I am interested in these lightweight cheap wheels for winter and or next season.
http://www.tirerack.com/wheels...inted
I cant find the Sport Edition website if there even is one to begin with but also tire rack dosent list the various sizes and bolt patterns and offsets available. I will probably get a set for my winter wheels, but I'm really looking for them in 16x7.5 or 16x8 and 4x100. If I need spacers to run them then screw it. Im just looking for a cheap way to get my next season tires sorted out ahead of time, something to mount 225/40/16 on.








-James

_Modified by Alex @ Tire Rack at 12:35 PM 6-11-2005_
Bump from the dead, I just ordered these the other day and I love the way they look in person. So much brighter and sparkly than the dull and yellowish tire rack stock photo.
Sport Edition D5 (15x6.5 4x100 ET38 Made by Kosei)
Dunlop SP Sport FM901 (195/50/15)
*Click to Enlarge*
 
 
 


_Modified by L33t A2 at 10:05 PM 6-25-2006_


----------



## Alex @ Tire Rack (May 3, 2005)

*Re: Sport Edition Website? Sport Edition D5 Sizes and fitment?? (L33t A2 Jetta)*

14x6
&
15x6.5 only
Alex


----------



## Bootzilla (Dec 29, 2000)

*Re: Sport Edition Website? Sport Edition D5 Sizes and fitment?? (Alex @ Tire Rack)*

Hey Alex - What's the story with Sport Edition - how's the quality, and who makes 'em/where are they made?


----------



## Alex @ Tire Rack (May 3, 2005)

*Re: Sport Edition Website? Sport Edition D5 Sizes and fitment?? (Bootzilla)*

Its a Tirerack owned designed, and they are founded in Thailand. 
We have some pretty exacting quality standards - and this wheel is agreat example of them.
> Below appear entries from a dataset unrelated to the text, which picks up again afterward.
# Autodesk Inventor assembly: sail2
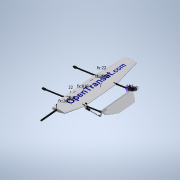
[picture p0: Inventor's stored thumbnail of the model, 180x180]
Saved by Autodesk Inventor 2020 (Build 240168000, 168)
## iProperties
Created: 2016-11-10
Part Number: sail2
Document SubType Name: Assembly
Designer: jous
Mass: 12117.7 g
Surface Area: 11891.4 cm^2
Volume: 12117.7 cm^3
Density: 1 g/cm^3
Author: jous
## Documents named in this file (18)
- C:\Users\jous\Desktop\boat\sail.iam
- C:\Users\jous\Desktop\boat\H4FM_0608_08.ipt
- C:\Users\jous\Desktop\boat\washer3.ipt
- C:\Users\jous\Desktop\boat\H4FM_0405_04.ipt
- C:\Users\jous\Desktop\boat\sail_skeleton.ipt
- C:\Users\jous\Desktop\boat\tail.ipt
- C:\Users\jous\Desktop\boat\sail.ipt
- C:\Users\jous\Desktop\boat\actuator_bracket1.ipt
- C:\Users\jous\Desktop\boat\actuator_shaft.ipt
- C:\Users\jous\Desktop\boat\actuator_bracket2.ipt
- C:\Users\jous\Desktop\boat\actuator\Firgelli L16 50mm body(50).ipt
- C:\Users\jous\Desktop\boat\actuator\Firgelli L16 50mm as(Short).ipt
- C:\Users\jous\Desktop\boat\actuator_shaft2.ipt
- C:\Users\jous\Desktop\boat\actuator_bracket3.ipt
- C:\Users\jous\Desktop\boat\actuator_counterweight.ipt
- C:\Users\jous\Desktop\boat\sail_weight.ipt
- C:\Users\jous\Desktop\boat\tail_encoder_magnet.ipt
- C:\Users\jous\Desktop\boat\tail_encoder.ipt
## Components (25 placed, 17 different names)
1. sail_skeleton:1 — Angle:5, Rigid:1, Rigid:2, Rigid:4, Rotational:30, Rigid:5, tail angle, Rigid:44, Rigid:45, Rigid:47, Angle:7
2. sail:1 — Angle:5, Rotational:30
3. tail:1 — Rotational:24, Rotational:25, Mate:1, Mate:3, tail angle, Mate:4, Mate:5, Mate:7, Mate:8
4. washer3:3 — Rotational:24, Rotational:26
5. washer3:4 — Rotational:25
6. H4FM_0608_08:3 — Rigid:1, Rotational:26
7. H4FM_0608_08:4 — Rigid:2
8. washer3:5 — Rotational:41, Rotational:42
9. washer3:6 — Rigid:4
10. actuator_bracket1:1 — Rigid:5, Rotational:35, Rotational:38, Rotational:39
11. actuator_shaft:1 — Rigid:46
12. actuator_bracket2:1 — Mate:1, Mate:3, Cylindrical:37, Rotational:36, Rotational:40, Mate:7
13. Firgelli L16 50mm body(50):1 — Rotational:35, Cylindrical:38
14. Firgelli L16 50mm as(Short):1 — Cylindrical:37, Cylindrical:38
15. actuator_shaft2:1 — Rotational:36
16. H4FM_0405_04:7 — Rotational:38, Rigid:46
17. H4FM_0405_04:8 — Rotational:39
18. H4FM_0405_04:9 — Rotational:40
19. actuator_bracket3:1 — Mate:4, Mate:5, Mate:8
20. actuator_counterweight:1
21. sail_weight:1 — Rigid:44
22. sail_weight:2 — Rigid:45
23. H4FM_0608_08:5 — Rigid:47, Rotational:41
24. tail_encoder_magnet:1 — Rotational:42, Rotational:43
25. tail_encoder:1 — Rotational:43, Angle:7
## Relationships (31: RevoluteJoint 12, WeldJoint 8, Mate 6, Angle 3, CylindricalJoint 2)
- Angle:5 (180 deg): sail_skeleton:1 ↔ sail:1
- Rotational:24 [RevoluteJoint]: tail:1 ↔ washer3:3
- Rotational:25 [RevoluteJoint]: tail:1 ↔ washer3:4
- Rigid:1 [WeldJoint]: sail_skeleton:1 ↔ H4FM_0608_08:3
- Rigid:2 [WeldJoint]: sail_skeleton:1 ↔ H4FM_0608_08:4
- Rotational:26 [RevoluteJoint]: washer3:3 ↔ H4FM_0608_08:3
- Rigid:4 [WeldJoint]: sail_skeleton:1 ↔ washer3:6
- Rotational:30 [RevoluteJoint] (-10 mm): sail_skeleton:1 ↔ sail:1
- Rigid:5 [WeldJoint]: sail_skeleton:1 ↔ actuator_bracket1:1
- Mate:1: tail:1 ↔ actuator_bracket2:1
- Mate:3: tail:1 ↔ actuator_bracket2:1
- tail angle [Angle] (-25 deg): sail_skeleton:1 ↔ tail:1
- Rotational:35 [RevoluteJoint] (12 mm): actuator_bracket1:1 ↔ Firgelli L16 50mm body(50):1
- Cylindrical:37: actuator_bracket2:1 ↔ Firgelli L16 50mm as(Short):1
- Cylindrical:38: Firgelli L16 50mm body(50):1 ↔ Firgelli L16 50mm as(Short):1
- Rotational:36 [RevoluteJoint] (-5 mm): actuator_bracket2:1 ↔ actuator_shaft2:1
- Rotational:38 [RevoluteJoint]: actuator_bracket1:1 ↔ H4FM_0405_04:7
- Rotational:39 [RevoluteJoint]: actuator_bracket1:1 ↔ H4FM_0405_04:8
- Rotational:40 [RevoluteJoint]: actuator_bracket2:1 ↔ H4FM_0405_04:9
- Mate:4: tail:1 ↔ actuator_bracket3:1
- Mate:5: tail:1 ↔ actuator_bracket3:1
- Rigid:44 [WeldJoint]: sail_skeleton:1 ↔ sail_weight:1
- Rigid:45 [WeldJoint]: sail_skeleton:1 ↔ sail_weight:2
- Rigid:46 [WeldJoint] (-3 mm): actuator_shaft:1 ↔ H4FM_0405_04:7
- Mate:7 (-3 mm): tail:1 ↔ actuator_bracket2:1
- Mate:8 (3 mm): tail:1 ↔ actuator_bracket3:1
- Rigid:47 [WeldJoint]: sail_skeleton:1 ↔ H4FM_0608_08:5
- Rotational:41 [RevoluteJoint]: washer3:5 ↔ H4FM_0608_08:5
- Rotational:42 [RevoluteJoint]: washer3:5 ↔ tail_encoder_magnet:1
- Rotational:43 [RevoluteJoint] (3.61 mm): tail_encoder_magnet:1 ↔ tail_encoder:1
- Angle:7 (0 deg): sail_skeleton:1 ↔ tail_encoder:1
## Named parameters: sail_height = 1300 mm, tail_offset = 260 mm, PCB_thickness = 1.65 mm, wall = 3 mm, PCB_height = 3.46 mm

With the rising cost of steel wheels this year, we have shifted our "value wheel" alternatives to alloys. 
For such a marginal cost increase the cosmetics are a great advantage!
Alex


----------



## L33t A2 (Aug 5, 2003)

*Re: Sport Edition Website? Sport Edition D5 Sizes and fitment?? (Alex @ Tire Rack)*

Bump from the dead, I just ordered these the other day and I love the way they look in person. So much brighter and sparkly than the dull and yellowish tire rack stock photo.
Sport Edition D5 (15x6.5 4x100 ET38 Made by Kosei)
Dunlop SP Sport FM901 (195/50/15)
*Click to Enlarge*


----------



## 631 Corrado (Jan 14, 2003)

*Re: Sport Edition Website? Sport Edition D5 Sizes and fitment?? (L33t A2 Jetta)*

hot ****


----------